The attached spice cabinet is basically a router project. We live in a four level split & drawers in the kitchen were in short supply.My wife is short hence a spice rack on the back of an upper cabinet door was out. This cabinet sits on the counter nested under the upper cabinets & utilizes a tambour door leaving counter space to the front clear. A drawer at the bottom is used for bulk spices & the spice bottles came from Lee Valley as did the sides to the drawer.Thanks for looking.

Lee


----------



## bobj3 (Jan 17, 2006)

Nice Job Lee 

Maybe post the plans I'm sure many others would like to make one also. 
Or a link to the plans (copy write stuff may come into play if you post them)

It looks like a GREAT router project and all the parts can be made on the router table and with the plunge router.

It also would make a nice bread box,side by side thing...good place to hide the donuts from the boss, hahahahahaha , have a good one... 

NICE JOB 

Bj


----------



## Mike (Nov 22, 2004)

Nicely done Lee! I'm sure your wife will be very pleased. Hey, this could "spice" up your love life as well as your meals!


----------



## Lee Brubaker (Jan 30, 2006)

Sorry Guys: There are no plans, this was a kitchen table design....namely a sketch, followed by the ole procedure listing ie: 1. do this 2. do that etc.

Lee


----------



## Hamlin (Dec 25, 2005)

Lee Brubaker said:


> Sorry Guys: There are no plans, this was a kitchen table design....namely a sketch, followed by the ole procedure listing ie: 1. do this 2. do that etc.
> 
> Lee


Sometimes, those are the best types of plans. Very nicely done Lee. 

Ken


----------



## bobj3 (Jan 17, 2006)

Lee
It's time to put it on paper and share your best...  with 8,000 others.

Here's a link to software that let you do that and it's FREE
It's a great tool just for that and other things also.

Paint.NET 2.6.2
http://www.majorgeeks.com/download.php?det=4548

Paint.NET is image and photo manipulation software designed to be used on computers that run Windows XP or 2000. 
Paint.NET is jointly developed at Washington State University with additional help from Microsoft, and is meant to be a free replacement for the MS Paint software that comes with all Windows operating systems.

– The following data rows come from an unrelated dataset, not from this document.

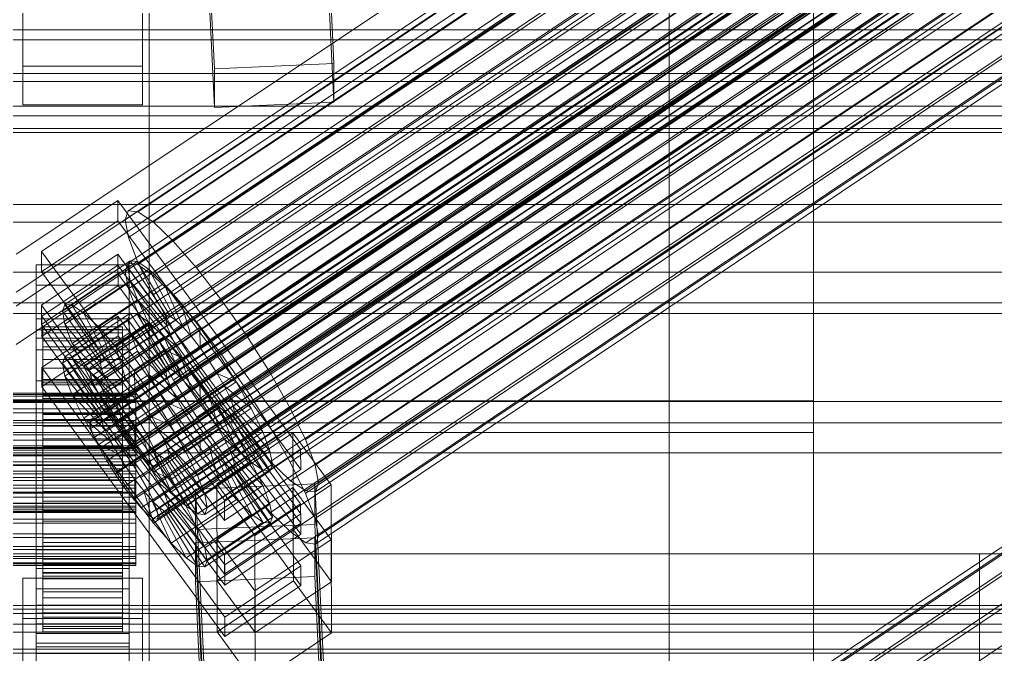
# Model space of a CAD drawing. Header units: millimetres. Extents: x -1970 to 34302, y -65268 to 6837.
# Drawn here: x 130.5 to 277.4, y -33015.2 to -32919.6 of the extents above; entities that cross this region are included whole.
import ezdxf

# ---------------------------------------------------------------- set-up
doc = ezdxf.new("R2010")
doc.units = ezdxf.units.MM
for name, color, linetype, lineweight in [('frontal_adapter-mix', 7, 'Continuous', 0), ('frontal_C01', 7, 'Continuous', 0), ('frontal_C01-mix', 7, 'Continuous', 0), ('frontal_C02', 7, 'Continuous', 0), ('frontal_mezcladora', 7, 'Continuous', 0)]:
    doc.layers.add(name, color=color, linetype=linetype, lineweight=lineweight)

msp = doc.modelspace()

# ---------------------------------------------------------------- linework, layer by layer
at = {"layer": 'frontal_adapter-mix'}
for p, q in [((-150, -33000), (150, -33000)), ((150, -33000), (150, -33050))]:
    msp.add_line(p, q, dxfattribs=at)
at = {"layer": 'frontal_C01'}
for p, q in [((250, -35586.788), (250, -32681.31)), ((250, -32686.07), (250, -35591.549)), ((146.872, -32948.396), (331.181, -32825.398)), ((148.32, -32948.511), (332.629, -32825.513)), ((146.383, -32949.722), (330.692, -32826.724)), ((150.629, -32950.058), (334.938, -32827.06)), ((141.045, -32972.355), (354.844, -32829.677)), ((141.218, -32971.885), (355.017, -32829.207)), ((141.731, -32971.926), (355.53, -32829.248)), ((142.549, -32972.474), (356.348, -32829.796)), ((146.887, -32952.398), (331.197, -32829.4)), ((153.641, -32952.933), (337.95, -32829.935)), ((141.224, -32973.303), (355.022, -32830.625)), ((143.617, -32973.493), (357.415, -32830.815)), ((141.742, -32974.665), (355.541, -32831.987)), ((144.861, -32974.912), (358.659, -32832.235)), ((142.565, -32976.348), (356.363, -32833.67)), ((359.995, -32833.958), (146.196, -32976.636)), ((148.35, -32956.242), (332.659, -32833.244)), ((157.152, -32956.94), (341.461, -32833.942)), ((143.635, -32978.238), (357.434, -32835.56)), ((147.533, -32978.547), (361.332, -32835.869)), ((144.881, -32980.205), (358.68, -32837.527)), ((148.779, -32980.514), (362.578, -32837.836)), ((150.672, -32960.992), (334.981, -32837.994)), ((345.231, -32838.806), (160.922, -32961.805)), ((146.218, -32982.115), (360.017, -32839.437)), ((149.85, -32982.403), (363.648, -32839.725)), ((147.554, -32983.839), (361.352, -32841.161)), ((150.672, -32984.086), (364.471, -32841.408)), ((148.798, -32985.258), (362.596, -32842.58)), ((151.191, -32985.448), (364.989, -32842.77)), ((153.694, -32966.324), (338.003, -32843.326)), ((149.865, -32986.277), (363.664, -32843.599)), ((150.683, -32986.825), (364.482, -32844.148)), ((151.196, -32986.866), (364.995, -32844.188)), ((151.369, -32986.396), (365.168, -32843.718)), ((164.693, -32967.196), (349.002, -32844.198)), ((157.211, -32971.875), (341.52, -32848.877)), ((168.21, -32972.747), (352.519, -32849.749)), ((160.982, -32977.267), (345.291, -32854.269)), ((171.232, -32978.08), (355.541, -32855.081)), ((164.752, -32982.132), (349.061, -32859.134)), ((173.554, -32982.83), (357.863, -32859.831)), ((168.263, -32986.138), (352.572, -32863.14)), ((175.016, -32986.674), (359.326, -32863.675)), ((171.275, -32989.013), (355.584, -32866.015)), ((175.521, -32989.35), (359.83, -32866.352)), ((173.584, -32990.561), (357.893, -32867.563)), ((175.032, -32990.675), (359.341, -32867.677)), ((228.298, -32889.321), (130, -32954.92)), ((228.298, -33070.972), (228.298, -32889.321)), ((130, -32960.639), (228.298, -32895.04)), ((228.298, -32895.04), (228.298, -33076.691)), ((425, -32922.624), (-425, -32922.624)), ((450, -32928.902), (-450, -32928.902)), ((-425, -32934.055), (425, -32934.055)), ((133.809, -32954.495), (145.277, -32946.842)), ((145.277, -32946.842), (145.289, -32949.886)), ((145.277, -32946.842), (172.809, -32984.286)), ((146.383, -32949.722), (146.872, -32948.396)), ((146.872, -32948.396), (148.32, -32948.511)), ((148.32, -32948.511), (150.629, -32950.058)), ((450, -32950.066), (-450, -32950.066)), ((145.289, -32949.886), (133.821, -32957.539)), ((172.821, -32987.329), (145.289, -32949.886)), ((146.887, -32952.398), (146.383, -32949.722)), ((150.629, -32950.058), (153.641, -32952.933)), ((148.35, -32956.242), (146.887, -32952.398)), ((153.641, -32952.933), (157.152, -32956.94)), ((133.821, -32957.539), (133.809, -32954.495)), ((161.341, -32991.939), (133.809, -32954.495)), ((137.313, -32962.469), (147.143, -32955.909)), ((138.396, -32962.555), (148.226, -32955.995)), ((147.143, -32955.909), (146.777, -32956.901)), ((148.226, -32955.995), (147.143, -32955.909)), ((147.143, -32955.909), (152.686, -32964.232)), ((149.953, -32957.153), (148.226, -32955.995)), ((148.226, -32955.995), (153.199, -32964.273)), ((150.672, -32960.992), (148.35, -32956.242)), ((133, -32959.577), (133, -32956.533)), ((133, -32956.533), (147, -32956.533)), ((133, -33002.256), (133, -32956.533)), ((133.821, -32957.539), (161.353, -32994.983)), ((133.847, -32964.235), (145.315, -32956.582)), ((136.948, -32963.461), (146.777, -32956.901)), ((140.123, -32963.713), (149.953, -32957.153)), ((145.315, -32956.582), (145.327, -32959.626)), ((145.315, -32956.582), (172.847, -32994.026)), ((146.777, -32956.901), (152.513, -32964.702)), ((146.777, -32956.901), (147.155, -32958.903)), ((147, -32956.533), (147, -32959.577)), ((147, -32956.533), (147, -33002.256)), ((152.207, -32959.303), (149.953, -32957.153)), ((149.953, -32957.153), (154.017, -32964.821)), ((157.152, -32956.94), (160.922, -32961.805)), ((137.325, -32965.463), (147.155, -32958.903)), ((142.377, -32965.863), (152.207, -32959.303)), ((147.155, -32958.903), (152.692, -32965.65)), ((147.155, -32958.903), (148.249, -32961.778)), ((154.833, -32962.3), (152.207, -32959.303)), ((152.207, -32959.303), (155.085, -32965.84)), ((147, -32959.577), (133, -32959.577)), ((133, -32959.577), (133, -33005.299)), ((145.327, -32959.626), (133.859, -32967.279)), ((172.859, -32997.07), (145.327, -32959.626)), ((147, -33005.299), (147, -32959.577)), ((-450, -32962.241), (450, -32962.241)), ((138.419, -32968.338), (148.249, -32961.778)), ((145.003, -32968.86), (154.833, -32962.3)), ((148.249, -32961.778), (153.21, -32967.012)), ((148.249, -32961.778), (149.985, -32965.331)), ((153.694, -32966.324), (150.672, -32960.992)), ((157.653, -32965.939), (154.833, -32962.3)), ((154.833, -32962.3), (156.329, -32967.259)), ((160.922, -32961.805), (164.693, -32967.196)), ((136.948, -32963.461), (137.313, -32962.469)), ((142.683, -32971.262), (136.948, -32963.461)), ((137.325, -32965.463), (136.948, -32963.461)), ((142.856, -32970.792), (137.313, -32962.469)), ((137.313, -32962.469), (138.396, -32962.555)), ((143.369, -32970.832), (138.396, -32962.555)), ((138.396, -32962.555), (140.123, -32963.713)), ((144.188, -32971.381), (140.123, -32963.713)), ((140.123, -32963.713), (142.377, -32965.863)), ((133.859, -32967.279), (133.847, -32964.235)), ((161.379, -33001.679), (133.847, -32964.235)), ((152.513, -32964.702), (142.683, -32971.262)), ((152.686, -32964.232), (142.856, -32970.792)), ((153.199, -32964.273), (143.369, -32970.832)), ((154.017, -32964.821), (144.188, -32971.381)), ((152.513, -32964.702), (152.686, -32964.232)), ((152.692, -32965.65), (152.513, -32964.702)), ((152.686, -32964.232), (153.199, -32964.273)), ((153.199, -32964.273), (154.017, -32964.821)), ((154.017, -32964.821), (155.085, -32965.84)), ((133, -32969.317), (133, -32966.273)), ((133, -32966.273), (147, -32966.273)), ((133, -33011.996), (133, -32966.273)), ((134, -32975.844), (134, -32965.855)), ((134, -32965.855), (134, -32966.268)), ((134, -32965.855), (146, -32965.855)), ((134, -32966.735), (134, -32965.855)), ((134, -32976.04), (134, -32966.268)), ((134, -32966.268), (134, -32967.947)), ((134, -32966.268), (146, -32966.268)), ((134, -32976.261), (134, -32966.735)), ((134, -32966.735), (146, -32966.735)), ((134, -32968.849), (134, -32966.735)), ((142.862, -32972.21), (137.325, -32965.463)), ((138.419, -32968.338), (137.325, -32965.463)), ((140.156, -32971.891), (149.985, -32965.331)), ((145.255, -32972.4), (142.377, -32965.863)), ((142.377, -32965.863), (145.003, -32968.86)), ((152.692, -32965.65), (142.862, -32972.21)), ((155.085, -32965.84), (145.255, -32972.4)), ((146, -32966.268), (146, -32965.855)), ((146, -32965.855), (146, -32975.844)), ((146, -32965.855), (146, -32966.735)), ((146, -32967.947), (146, -32966.268)), ((146, -32966.268), (146, -32976.04)), ((146, -32966.735), (146, -32976.261)), ((146, -32966.735), (146, -32968.849)), ((147, -32966.273), (147, -32969.317)), ((147, -32966.273), (147, -33011.996)), ((157.653, -32965.939), (147.823, -32972.499)), ((149.985, -32965.331), (154.033, -32968.695)), ((149.985, -32965.331), (152.246, -32969.32)), ((153.21, -32967.012), (152.692, -32965.65)), ((157.211, -32971.875), (153.694, -32966.324)), ((155.085, -32965.84), (156.329, -32967.259)), ((157.665, -32968.983), (157.653, -32965.939)), ((160.474, -32969.972), (157.653, -32965.939)), ((133.859, -32967.279), (161.391, -33004.723)), ((134, -32976.835), (134, -32967.947)), ((134, -32967.947), (134, -32970.776)), ((134, -32967.947), (146, -32967.947)), ((153.21, -32967.012), (143.38, -32973.572)), ((146, -32970.776), (146, -32967.947)), ((146, -32967.947), (146, -32976.835)), ((156.329, -32967.259), (146.499, -32973.819)), ((154.033, -32968.695), (153.21, -32967.012)), ((156.329, -32967.259), (157.665, -32968.983)), ((164.693, -32967.196), (168.21, -32972.747)), ((147, -32969.317), (133, -32969.317)), ((133, -32969.317), (133, -33015.039)), ((134, -32977.262), (134, -32968.849)), ((134, -32968.849), (146, -32968.849)), ((134, -32972.052), (134, -32968.849)), ((143.38, -32973.572), (138.419, -32968.338)), ((140.156, -32971.891), (138.419, -32968.338)), ((142.416, -32975.88), (152.246, -32969.32)), ((154.033, -32968.695), (144.203, -32975.255)), ((146.499, -32973.819), (145.003, -32968.86)), ((145.003, -32968.86), (147.823, -32972.499)), ((146, -32968.849), (146, -32977.262)), ((146, -32968.849), (146, -32972.052)), ((147, -33015.039), (147, -32969.317)), ((147.835, -32975.543), (157.665, -32968.983)), ((152.246, -32969.32), (155.103, -32970.584)), ((152.246, -32969.32), (154.877, -32973.472)), ((155.103, -32970.584), (154.033, -32968.695)), ((157.665, -32968.983), (159.001, -32970.893)), ((134, -32978.175), (134, -32970.776)), ((134, -32970.776), (134, -32974.563)), ((134, -32970.776), (146, -32970.776)), ((142.856, -32970.792), (142.683, -32971.262)), ((143.369, -32970.832), (142.856, -32970.792)), ((144.188, -32971.381), (143.369, -32970.832)), ((155.103, -32970.584), (145.274, -32977.144)), ((146, -32974.563), (146, -32970.776)), ((146, -32970.776), (146, -32978.175)), ((159.001, -32970.893), (149.171, -32977.453)), ((150.644, -32976.532), (160.474, -32969.972)), ((156.35, -32972.551), (155.103, -32970.584)), ((160.474, -32969.972), (159.001, -32970.893)), ((159.001, -32970.893), (160.247, -32972.86)), ((163.105, -32974.125), (160.474, -32969.972)), ((134, -32978.779), (134, -32972.052)), ((134, -32972.052), (146, -32972.052)), ((134, -32976.125), (134, -32972.052)), ((144.203, -32975.255), (140.156, -32971.891)), ((142.416, -32975.88), (140.156, -32971.891)), ((141.045, -32972.355), (141.218, -32971.885)), ((141.224, -32973.303), (141.045, -32972.355)), ((141.218, -32971.885), (141.731, -32971.926)), ((141.731, -32971.926), (142.549, -32972.474)), ((142.549, -32972.474), (143.617, -32973.493)), ((142.683, -32971.262), (142.862, -32972.21)), ((142.862, -32972.21), (143.38, -32973.572)), ((145.255, -32972.4), (144.188, -32971.381)), ((146.499, -32973.819), (145.255, -32972.4)), ((146, -32972.052), (146, -32978.779)), ((146, -32972.052), (146, -32976.125)), ((156.35, -32972.551), (146.52, -32979.111)), ((147.823, -32972.499), (147.835, -32975.543)), ((147.823, -32972.499), (150.644, -32976.532)), ((154.877, -32973.472), (156.35, -32972.551)), ((157.686, -32974.462), (156.35, -32972.551)), ((160.982, -32977.267), (157.211, -32971.875)), ((141.742, -32974.665), (141.224, -32973.303)), ((143.38, -32973.572), (144.203, -32975.255)), ((143.617, -32973.493), (144.861, -32974.912)), ((145.047, -32980.032), (154.877, -32973.472)), ((147.835, -32975.543), (146.499, -32973.819)), ((160.247, -32972.86), (150.417, -32979.42)), ((153.275, -32980.685), (163.105, -32974.125)), ((154.877, -32973.472), (157.698, -32977.505)), ((163.105, -32974.125), (160.247, -32972.86)), ((160.247, -32972.86), (161.318, -32974.75)), ((165.365, -32978.113), (163.105, -32974.125)), ((168.21, -32972.747), (171.232, -32978.08)), ((134, -32979.969), (134, -32974.563)), ((134, -32974.563), (134, -32979.051)), ((134, -32974.563), (146, -32974.563)), ((142.565, -32976.348), (141.742, -32974.665)), ((144.203, -32975.255), (145.274, -32977.144)), ((144.861, -32974.912), (146.196, -32976.636)), ((146, -32979.051), (146, -32974.563)), ((146, -32974.563), (146, -32979.969)), ((149.171, -32977.453), (147.835, -32975.543)), ((157.686, -32974.462), (147.856, -32981.022)), ((161.318, -32974.75), (151.488, -32981.31)), ((157.698, -32977.505), (157.686, -32974.462)), ((159.022, -32976.185), (157.686, -32974.462)), ((165.365, -32978.113), (161.318, -32974.75)), ((161.318, -32974.75), (162.14, -32976.433)), ((-148, -32975.844), (148, -32975.844)), ((-148, -32976.04), (148, -32976.04)), ((-148, -32976.261), (148, -32976.261)), ((-148, -32976.835), (148, -32976.835)), ((134, -32976.04), (134, -32975.844)), ((146, -32975.844), (134, -32975.844)), ((134, -32975.844), (134, -32976.261)), ((134, -32976.835), (134, -32976.04)), ((146, -32976.04), (134, -32976.04)), ((134, -32980.709), (134, -32976.125)), ((134, -32976.125), (146, -32976.125)), ((134, -32980.793), (134, -32976.125)), ((146, -32976.261), (134, -32976.261)), ((134, -32976.261), (134, -32977.262)), ((134, -32978.175), (134, -32976.835)), ((146, -32976.835), (134, -32976.835)), ((145.274, -32977.144), (142.416, -32975.88)), ((145.047, -32980.032), (142.416, -32975.88)), ((143.635, -32978.238), (142.565, -32976.348)), ((146, -32975.844), (146, -32976.04)), ((146, -32976.261), (146, -32975.844)), ((146, -32976.04), (146, -32976.835)), ((146, -32976.125), (146, -32980.709)), ((146, -32976.125), (146, -32980.793)), ((146, -32977.262), (146, -32976.261)), ((146, -32976.835), (146, -32978.175)), ((146.196, -32976.636), (147.533, -32978.547)), ((148, -32976.04), (148, -32975.844)), ((148, -32975.844), (148, -32976.261)), ((148, -32976.835), (148, -32976.04)), ((148, -32976.261), (148, -32977.262)), ((148, -32978.175), (148, -32976.835)), ((149.171, -32977.453), (150.644, -32976.532)), ((159.022, -32976.185), (149.192, -32982.745)), ((150.644, -32976.532), (153.275, -32980.685)), ((162.14, -32976.433), (152.311, -32982.993)), ((160.518, -32981.145), (159.022, -32976.185)), ((160.266, -32977.605), (159.022, -32976.185)), ((167.102, -32981.667), (162.14, -32976.433)), ((162.14, -32976.433), (162.659, -32977.795)), ((-148, -32977.262), (148, -32977.262)), ((-148, -32978.175), (148, -32978.175)), ((146, -32977.262), (134, -32977.262)), ((134, -32977.262), (134, -32978.779)), ((134, -32979.969), (134, -32978.175)), ((146, -32978.175), (134, -32978.175)), ((144.881, -32980.205), (143.635, -32978.238)), ((145.274, -32977.144), (146.52, -32979.111)), ((146, -32978.779), (146, -32977.262)), ((146, -32978.175), (146, -32979.969)), ((147.868, -32984.065), (157.698, -32977.505)), ((148, -32977.262), (148, -32978.779)), ((148, -32979.969), (148, -32978.175)), ((150.417, -32979.42), (149.171, -32977.453)), ((160.266, -32977.605), (150.436, -32984.165)), ((162.659, -32977.795), (152.829, -32984.355)), ((155.535, -32984.673), (165.365, -32978.113)), ((157.698, -32977.505), (160.518, -32981.145)), ((163.144, -32984.141), (160.266, -32977.605)), ((161.333, -32978.624), (160.266, -32977.605)), ((164.752, -32982.132), (160.982, -32977.267)), ((168.196, -32984.542), (162.659, -32977.795)), ((162.659, -32977.795), (162.837, -32978.743)), ((167.102, -32981.667), (165.365, -32978.113)), ((171.232, -32978.08), (173.554, -32982.83)), ((-148, -32978.779), (148, -32978.779)), ((-148, -32979.969), (148, -32979.969)), ((146, -32978.779), (134, -32978.779)), ((134, -32978.779), (134, -32980.709)), ((134, -32979.051), (134, -32982.094)), ((146, -32979.051), (134, -32979.051)), ((134, -32979.051), (134, -32983.932)), ((134, -32982.094), (134, -32979.969)), ((146, -32979.969), (134, -32979.969)), ((146.52, -32979.111), (145.047, -32980.032)), ((146, -32980.709), (146, -32978.779)), ((146, -32982.094), (146, -32979.051)), ((146, -32983.932), (146, -32979.051)), ((146, -32979.969), (146, -32982.094)), ((146.52, -32979.111), (147.856, -32981.022)), ((147.533, -32978.547), (148.779, -32980.514)), ((148, -32978.779), (148, -32980.709)), ((148, -32982.094), (148, -32979.969)), ((151.488, -32981.31), (150.417, -32979.42)), ((150.417, -32979.42), (153.275, -32980.685)), ((161.333, -32978.624), (151.503, -32985.184)), ((162.151, -32979.172), (152.321, -32985.732)), ((162.664, -32979.213), (152.835, -32985.773)), ((162.837, -32978.743), (153.008, -32985.303)), ((165.397, -32986.292), (161.333, -32978.624)), ((162.151, -32979.172), (161.333, -32978.624)), ((167.125, -32987.45), (162.151, -32979.172)), ((162.664, -32979.213), (162.151, -32979.172)), ((162.837, -32978.743), (162.664, -32979.213)), ((168.208, -32987.536), (162.664, -32979.213)), ((168.573, -32986.544), (162.837, -32978.743)), ((-148, -32980.709), (148, -32980.709)), ((146, -32980.709), (134, -32980.709)), ((134, -32980.709), (134, -32982.92)), ((134, -32982.92), (134, -32980.793)), ((134, -32980.793), (146, -32980.793)), ((134, -32985.736), (134, -32980.793)), ((146.218, -32982.115), (144.881, -32980.205)), ((147.868, -32984.065), (145.047, -32980.032)), ((146, -32982.92), (146, -32980.709)), ((146, -32980.793), (146, -32982.92)), ((146, -32980.793), (146, -32985.736)), ((147.856, -32981.022), (147.868, -32984.065)), ((147.856, -32981.022), (149.192, -32982.745)), ((148, -32980.709), (148, -32982.92)), ((148.779, -32980.514), (149.85, -32982.403)), ((150.688, -32987.704), (160.518, -32981.145)), ((152.311, -32982.993), (151.488, -32981.31)), ((151.488, -32981.31), (155.535, -32984.673)), ((153.275, -32980.685), (155.535, -32984.673)), ((160.518, -32981.145), (163.144, -32984.141)), ((148, -32982.094), (-148, -32982.094)), ((-148, -32982.92), (148, -32982.92)), ((134, -32982.094), (146, -32982.094)), ((134, -32984.407), (134, -32982.094)), ((146, -32982.92), (134, -32982.92)), ((134, -32982.92), (134, -32985.261)), ((146, -32982.094), (146, -32984.407)), ((146, -32985.261), (146, -32982.92)), ((147.554, -32983.839), (146.218, -32982.115)), ((148, -32984.407), (148, -32982.094)), ((148, -32982.92), (148, -32985.261)), ((149.192, -32982.745), (150.688, -32987.704)), ((149.192, -32982.745), (150.436, -32984.165)), ((149.85, -32982.403), (150.672, -32984.086)), ((157.272, -32988.226), (167.102, -32981.667)), ((160.19, -32989.466), (171.658, -32981.812)), ((168.263, -32986.138), (164.752, -32982.132)), ((168.196, -32984.542), (167.102, -32981.667)), ((171.658, -32981.812), (171.715, -32996.422)), ((171.658, -32981.812), (177.394, -32989.613)), ((173.554, -32982.83), (175.016, -32986.674)), ((-148, -32984.407), (148, -32984.407)), ((134, -32984.407), (134, -32983.932)), ((134, -32983.932), (134, -32988.875)), ((134, -32983.932), (146, -32983.932)), ((134, -32986.748), (134, -32984.407)), ((146, -32984.407), (134, -32984.407)), ((146, -32988.875), (146, -32983.932)), ((146, -32983.932), (146, -32984.407)), ((146, -32984.407), (146, -32986.748)), ((148.798, -32985.258), (147.554, -32983.839)), ((150.688, -32987.704), (147.868, -32984.065)), ((148, -32986.748), (148, -32984.407)), ((150.436, -32984.165), (153.314, -32990.701)), ((150.436, -32984.165), (151.503, -32985.184)), ((150.672, -32984.086), (151.191, -32985.448)), ((152.829, -32984.355), (152.311, -32982.993)), ((152.311, -32982.993), (157.272, -32988.226)), ((153.008, -32985.303), (152.829, -32984.355)), ((152.829, -32984.355), (158.366, -32991.102)), ((153.314, -32990.701), (163.144, -32984.141)), ((172.809, -32984.286), (161.341, -32991.939)), ((163.144, -32984.141), (165.397, -32986.292)), ((172.821, -32987.329), (172.809, -32984.286)), ((-148, -32985.261), (148, -32985.261)), ((134, -32985.261), (134, -32985.736)), ((146, -32985.261), (134, -32985.261)), ((134, -32985.261), (134, -32987.573)), ((134, -32985.736), (146, -32985.736)), ((134, -32990.617), (134, -32985.736)), ((146, -32985.736), (146, -32985.261)), ((146, -32987.573), (146, -32985.261)), ((146, -32985.736), (146, -32990.617)), ((148, -32985.261), (148, -32987.573)), ((149.865, -32986.277), (148.798, -32985.258)), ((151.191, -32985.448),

The programming language used to create Paint.NET is C#, with GDI+ extensions.

Paint.NET has many of the powerful features that expensive commercial applications have, including the ability to use layers.

This is the second semester that Paint.NET has been a project at Washington State University, and we have the goal of adding as much functionality as expensive commercial applications provide, but of course, for free!

See snapshot below ▼


Bj


----------



## Lee Brubaker (Jan 30, 2006)

I had a look however my computer is getting long of tooth & runs Windows 98SE which does not seem to be a suitable platform for Paint NET.

Lee


----------



## bobj3 (Jan 17, 2006)

Lee
Give this one a shot it will run on win98se 

It's also FREE

mtPaint 2.31
http://www.majorgeeks.com/mtPaint_d5119.html

Bj


----------



## Lee Brubaker (Jan 30, 2006)

Bobj3: You will recall that I posted this almost 2 years ago. I'm excited. The Canadian Woodworking Magazine's March/April edition has published an article on this spice cabinet which I designed & built for my wife. It is complete with plans. Whoohee ! I'm now a published Hobbyist.

Lee


----------



## kp91 (Sep 10, 2004)

Great Job, Lee! Will you be signing autographed copies? Congrats on a great project and on being published


----------



## chippypah (Dec 24, 2007)

Very Nice Lee, great looking spice rack.
Cheers
Pete


----------